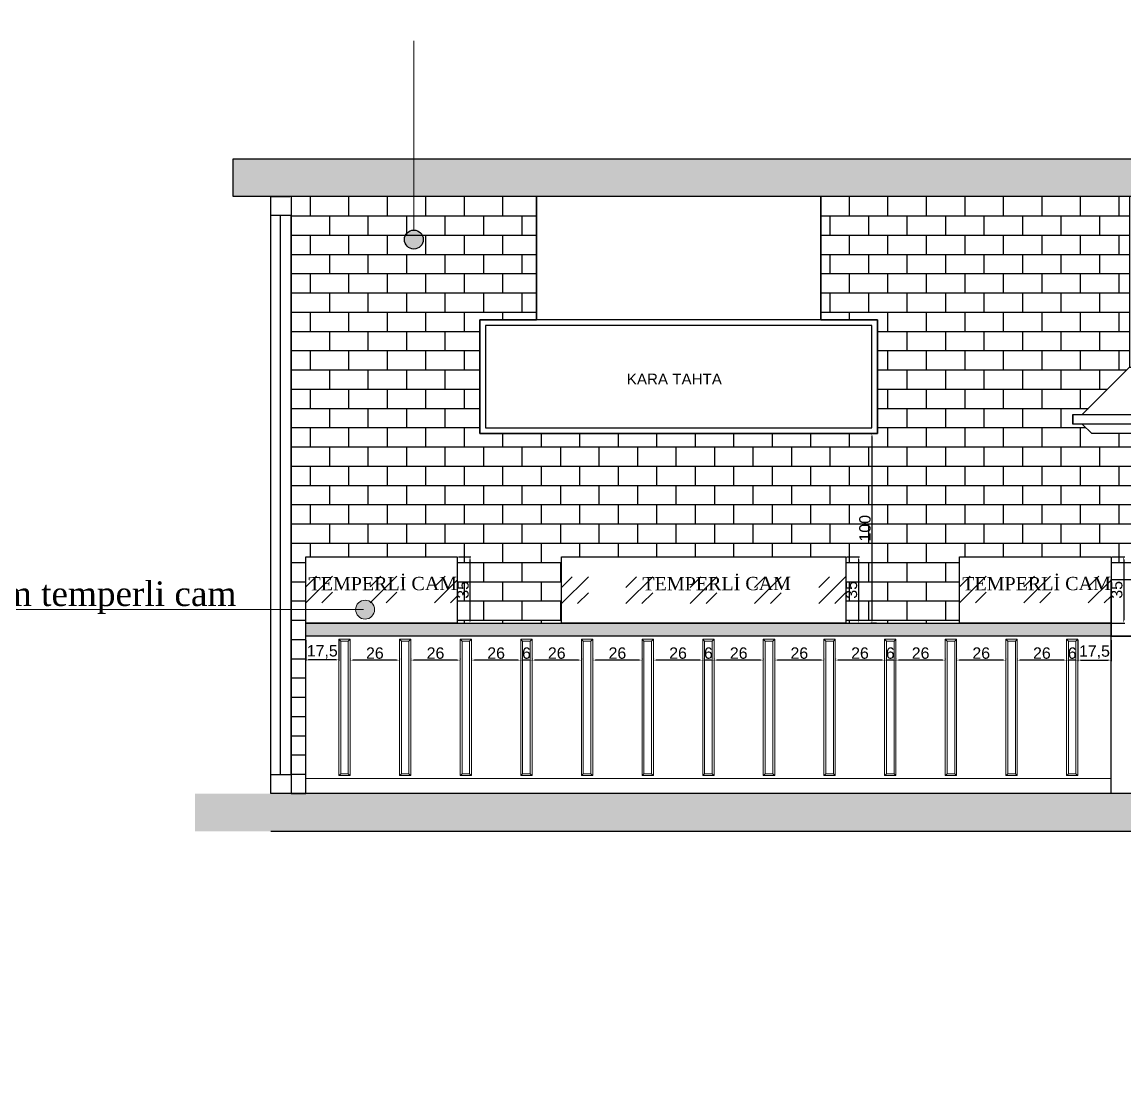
# Model space of a CAD drawing. Header units: millimetres. Extents: x 1287 to 21021, y -1522 to 4173.
# Drawn here: x 8877 to 9459, y 1368 to 1927 of the extents above; entities that cross this region are included whole.
import ezdxf

# ---------------------------------------------------------------- set-up
doc = ezdxf.new("R2010")
doc.units = ezdxf.units.MM
doc.linetypes.add('0', pattern=[0])
doc.layers.add('arredi_cucina', color=252, linetype='Continuous')
doc.layers.add('Yazı', color=7, linetype='Continuous')
for name, color, linetype, lineweight in [('BİLGİ', 2, 'Continuous', 20), ('LAMBRİ', 105, 'Continuous', 25), ('ÖLÇÜ', 40, 'Continuous', 5)]:
    doc.layers.add(name, color=color, linetype=linetype, lineweight=lineweight)
doc.layers.add('VİTRİFİYE', color=7, linetype='Continuous', lineweight=25, true_color=0x7893a5)
doc.styles.add('OLCU', font='arial.ttf')
doc.styles.get("Standard").update_dxf_attribs({"font": 'arial.ttf'})
doc.dimstyles.new('ISO-25', dxfattribs={"dimtxt": 2.5, "dimasz": 2.5, "dimexe": 1.25, "dimexo": 0.625, "dimtad": 1, "dimtxsty": 'Standard', "dimcen": 2.5, "dimadec": 0, "dimazin": 0, "dimtfac": 1, "dimtmove": 0, "dimatfit": 3, "dimfxl": 1, "dimarcsym": 0})

# ---------------------------------------------------------------- blocks, each defined once
blk = doc.blocks.new('kara tahta')
for points in [[(12253.14, 4187.71), (12463.14, 4187.71), (12463.14, 4247.71), (12253.14, 4247.71)], [(12256.14, 4190.71), (12460.14, 4190.71), (12460.14, 4244.71), (12256.14, 4244.71)]]:
    blk.add_lwpolyline(points, close=True)
at = {"insert": (12330.76, 4219.29), "char_height": 5.722, "attachment_point": 1}
blk.add_mtext_dynamic_manual_height_columns('KARA TAHTA', width=57.1237, gutter_width=12.5, heights=[0], dxfattribs=at)
blk = doc.blocks.new('davlumbaz')
at = {"layer": 'VİTRİFİYE', "color": 0, "linetype": '0'}
for p, q in [((12962.85, 4334.56), (12932.85, 4334.56)), ((12932.85, 4334.56), (12932.85, 4244.56)), ((12962.85, 4244.56), (12962.85, 4334.56)), ((12932.85, 4244.56), (12907.85, 4219.56)), ((12932.85, 4244.56), (12962.85, 4244.56)), ((12987.85, 4219.56), (12962.85, 4244.56)), ((12902.85, 4219.56), (12989.41, 4219.56)), ((12989.41, 4214.56), (12902.85, 4214.56)), ((12912.85, 4209.56), (12907.85, 4214.56)), ((12987.85, 4214.56), (12982.85, 4209.56)), ((12989.41, 4219.56), (12989.41, 4214.56)), ((12982.85, 4209.56), (12912.85, 4209.56))]:
    blk.add_line(p, q, dxfattribs=at)
at = {"layer": 'VİTRİFİYE'}
blk.add_lwpolyline([(12902.85, 4219.56), (12902.85, 4214.56)], dxfattribs=at)
blk = doc.blocks.new('A$C3C30A8A4')
at = {"layer": 'LAMBRİ', "lineweight": 5}
for p, q in [((1, 71), (0, 72)), ((5, 71), (6, 72)), ((1, 1), (0, 0)), ((5, 1), (6, 0))]:
    blk.add_line(p, q, dxfattribs=at)
for points in [[(0, 72), (6, 72), (6, 0), (0, 0)], [(1, 71), (5, 71), (5, 1), (1, 1)]]:
    blk.add_lwpolyline(points, close=True, dxfattribs=at)
blk = doc.blocks.new('*D234')
at = {"layer": 'Defpoints', "color": 0, "transparency": 16777216}
for p in [(9427.88, 1590.76), (9427.88, 1590.76), (9433.88, 1590.76)]:
    blk.add_point(p, dxfattribs=at)
at = {"layer": 'ÖLÇÜ', "color": 0, "lineweight": -2, "transparency": 16777216}
for p, q in [((9427.88, 1591.36), (9427.88, 1591.26)), ((9432.38, 1590.76), (9429.38, 1590.76)), ((9433.88, 1591.36), (9433.88, 1591.26))]:
    blk.add_line(p, q, dxfattribs=at)
at = {"layer": 'ÖLÇÜ', "color": 0, "transparency": 16777216}
for points in [[(9429.38, 1591.01), (9429.38, 1590.51), (9427.88, 1590.76)], [(9432.38, 1591.01), (9432.38, 1590.51), (9433.88, 1590.76)]]:
    blk.add_solid(points, dxfattribs=at)
at = {"layer": 'ÖLÇÜ', "color": 0, "lineweight": 0, "transparency": 16777216, "insert": (9430.88, 1594.43), "char_height": 6, "attachment_point": 5}
blk.add_mtext('6', dxfattribs=at)
blk = doc.blocks.new('*D235')
at = {"layer": 'Defpoints', "color": 0, "transparency": 16777216}
for p in [(9401.88, 1590.76), (9401.88, 1590.76), (9427.88, 1590.76)]:
    blk.add_point(p, dxfattribs=at)
at = {"layer": 'ÖLÇÜ', "color": 0, "lineweight": -2, "transparency": 16777216}
for p, q in [((9401.88, 1591.36), (9401.88, 1591.26)), ((9426.38, 1590.76), (9403.38, 1590.76)), ((9427.88, 1591.36), (9427.88, 1591.26))]:
    blk.add_line(p, q, dxfattribs=at)
at = {"layer": 'ÖLÇÜ', "color": 0, "transparency": 16777216}
for points in [[(9403.38, 1591.01), (9403.38, 1590.51), (9401.88, 1590.76)], [(9426.38, 1591.01), (9426.38, 1590.51), (9427.88, 1590.76)]]:
    blk.add_solid(points, dxfattribs=at)
at = {"layer": 'ÖLÇÜ', "color": 0, "lineweight": 0, "transparency": 16777216, "insert": (9414.88, 1594.43), "char_height": 6, "attachment_point": 5}
blk.add_mtext('26', dxfattribs=at)
blk = doc.blocks.new('*D236')
at = {"layer": 'Defpoints', "color": 0, "transparency": 16777216}
for p in [(9369.88, 1590.76), (9369.88, 1590.76), (9395.88, 1590.76)]:
    blk.add_point(p, dxfattribs=at)
at = {"layer": 'ÖLÇÜ', "color": 0, "lineweight": -2, "transparency": 16777216}
for p, q in [((9369.88, 1591.36), (9369.88, 1591.26)), ((9394.38, 1590.76), (9371.38, 1590.76)), ((9395.88, 1591.36), (9395.88, 1591.26))]:
    blk.add_line(p, q, dxfattribs=at)
at = {"layer": 'ÖLÇÜ', "color": 0, "transparency": 16777216}
for points in [[(9371.38, 1591.01), (9371.38, 1590.51), (9369.88, 1590.76)], [(9394.38, 1591.01), (9394.38, 1590.51), (9395.88, 1590.76)]]:
    blk.add_solid(points, dxfattribs=at)
at = {"layer": 'ÖLÇÜ', "color": 0, "lineweight": 0, "transparency": 16777216, "insert": (9382.88, 1594.43), "char_height": 6, "attachment_point": 5}
blk.add_mtext('26', dxfattribs=at)
blk = doc.blocks.new('*D237')
at = {"layer": 'Defpoints', "color": 0, "transparency": 16777216}
for p in [(9337.88, 1590.76), (9337.88, 1590.76), (9363.88, 1590.76)]:
    blk.add_point(p, dxfattribs=at)
at = {"layer": 'ÖLÇÜ', "color": 0, "lineweight": -2, "transparency": 16777216}
for p, q in [((9337.88, 1591.36), (9337.88, 1591.26)), ((9362.38, 1590.76), (9339.38, 1590.76)), ((9363.88, 1591.36), (9363.88, 1591.26))]:
    blk.add_line(p, q, dxfattribs=at)
at = {"layer": 'ÖLÇÜ', "color": 0, "transparency": 16777216}
for points in [[(9339.38, 1591.01), (9339.38, 1590.51), (9337.88, 1590.76)], [(9362.38, 1591.01), (9362.38, 1590.51), (9363.88, 1590.76)]]:
    blk.add_solid(points, dxfattribs=at)
at = {"layer": 'ÖLÇÜ', "color": 0, "lineweight": 0, "transparency": 16777216, "insert": (9350.88, 1594.43), "char_height": 6, "attachment_point": 5}
blk.add_mtext('26', dxfattribs=at)
blk = doc.blocks.new('*D238')
at = {"layer": 'Defpoints', "color": 0, "transparency": 16777216}
for p in [(9331.88, 1590.76), (9331.88, 1590.76), (9337.88, 1590.76)]:
    blk.add_point(p, dxfattribs=at)
at = {"layer": 'ÖLÇÜ', "color": 0, "lineweight": -2, "transparency": 16777216}
for p, q in [((9331.88, 1591.36), (9331.88, 1591.26)), ((9336.38, 1590.76), (9333.38, 1590.76)), ((9337.88, 1591.36), (9337.88, 1591.26))]:
    blk.add_line(p, q, dxfattribs=at)
at = {"layer": 'ÖLÇÜ', "color": 0, "transparency": 16777216}
for points in [[(9333.38, 1591.01), (9333.38, 1590.51), (9331.88, 1590.76)], [(9336.38, 1591.01), (9336.38, 1590.51), (9337.88, 1590.76)]]:
    blk.add_solid(points, dxfattribs=at)
at = {"layer": 'ÖLÇÜ', "color": 0, "lineweight": 0, "transparency": 16777216, "insert": (9334.88, 1594.43), "char_height": 6, "attachment_point": 5}
blk.add_mtext('6', dxfattribs=at)
blk = doc.blocks.new('*D239')
at = {"layer": 'Defpoints', "color": 0, "transparency": 16777216}
for p in [(9305.88, 1590.76), (9305.88, 1590.76), (9331.88, 1590.76)]:
    blk.add_point(p, dxfattribs=at)
at = {"layer": 'ÖLÇÜ', "color": 0, "lineweight": -2, "transparency": 16777216}
for p, q in [((9305.88, 1591.36), (9305.88, 1591.26)), ((9330.38, 1590.76), (9307.38, 1590.76)), ((9331.88, 1591.36), (9331.88, 1591.26))]:
    blk.add_line(p, q, dxfattribs=at)
at = {"layer": 'ÖLÇÜ', "color": 0, "transparency": 16777216}
for points in [[(9307.38, 1591.01), (9307.38, 1590.51), (9305.88, 1590.76)], [(9330.38, 1591.01), (9330.38, 1590.51), (9331.88, 1590.76)]]:
    blk.add_solid(points, dxfattribs=at)
at = {"layer": 'ÖLÇÜ', "color": 0, "lineweight": 0, "transparency": 16777216, "insert": (9318.88, 1594.43), "char_height": 6, "attachment_point": 5}
blk.add_mtext('26', dxfattribs=at)
blk = doc.blocks.new('*D240')
at = {"layer": 'Defpoints', "color": 0, "transparency": 16777216}
for p in [(9273.88, 1590.76), (9273.88, 1590.76), (9299.88, 1590.76)]:
    blk.add_point(p, dxfattribs=at)
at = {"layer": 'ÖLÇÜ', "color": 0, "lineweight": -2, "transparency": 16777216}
━━━━━━━━━━
What the task requires: Within the entries, find all lines that contain "Standard" and copy each one.

Expected output:
doc.styles.get("Standard").update_dxf_attribs({"font": 'arial.ttf'})
doc.dimstyles.new('ISO-25', dxfattribs={"dimtxt": 2.5, "dimasz": 2.5, "dimexe": 1.25, "dimexo": 0.625, "dimtad": 1, "dimtxsty": 'Standard', "dimcen": 2.5, "dimadec": 0, "dimazin": 0, "dimtfac": 1, "dimtmove": 0, "dimatfit": 3, "dimfxl": 1, "dimarcsym": 0})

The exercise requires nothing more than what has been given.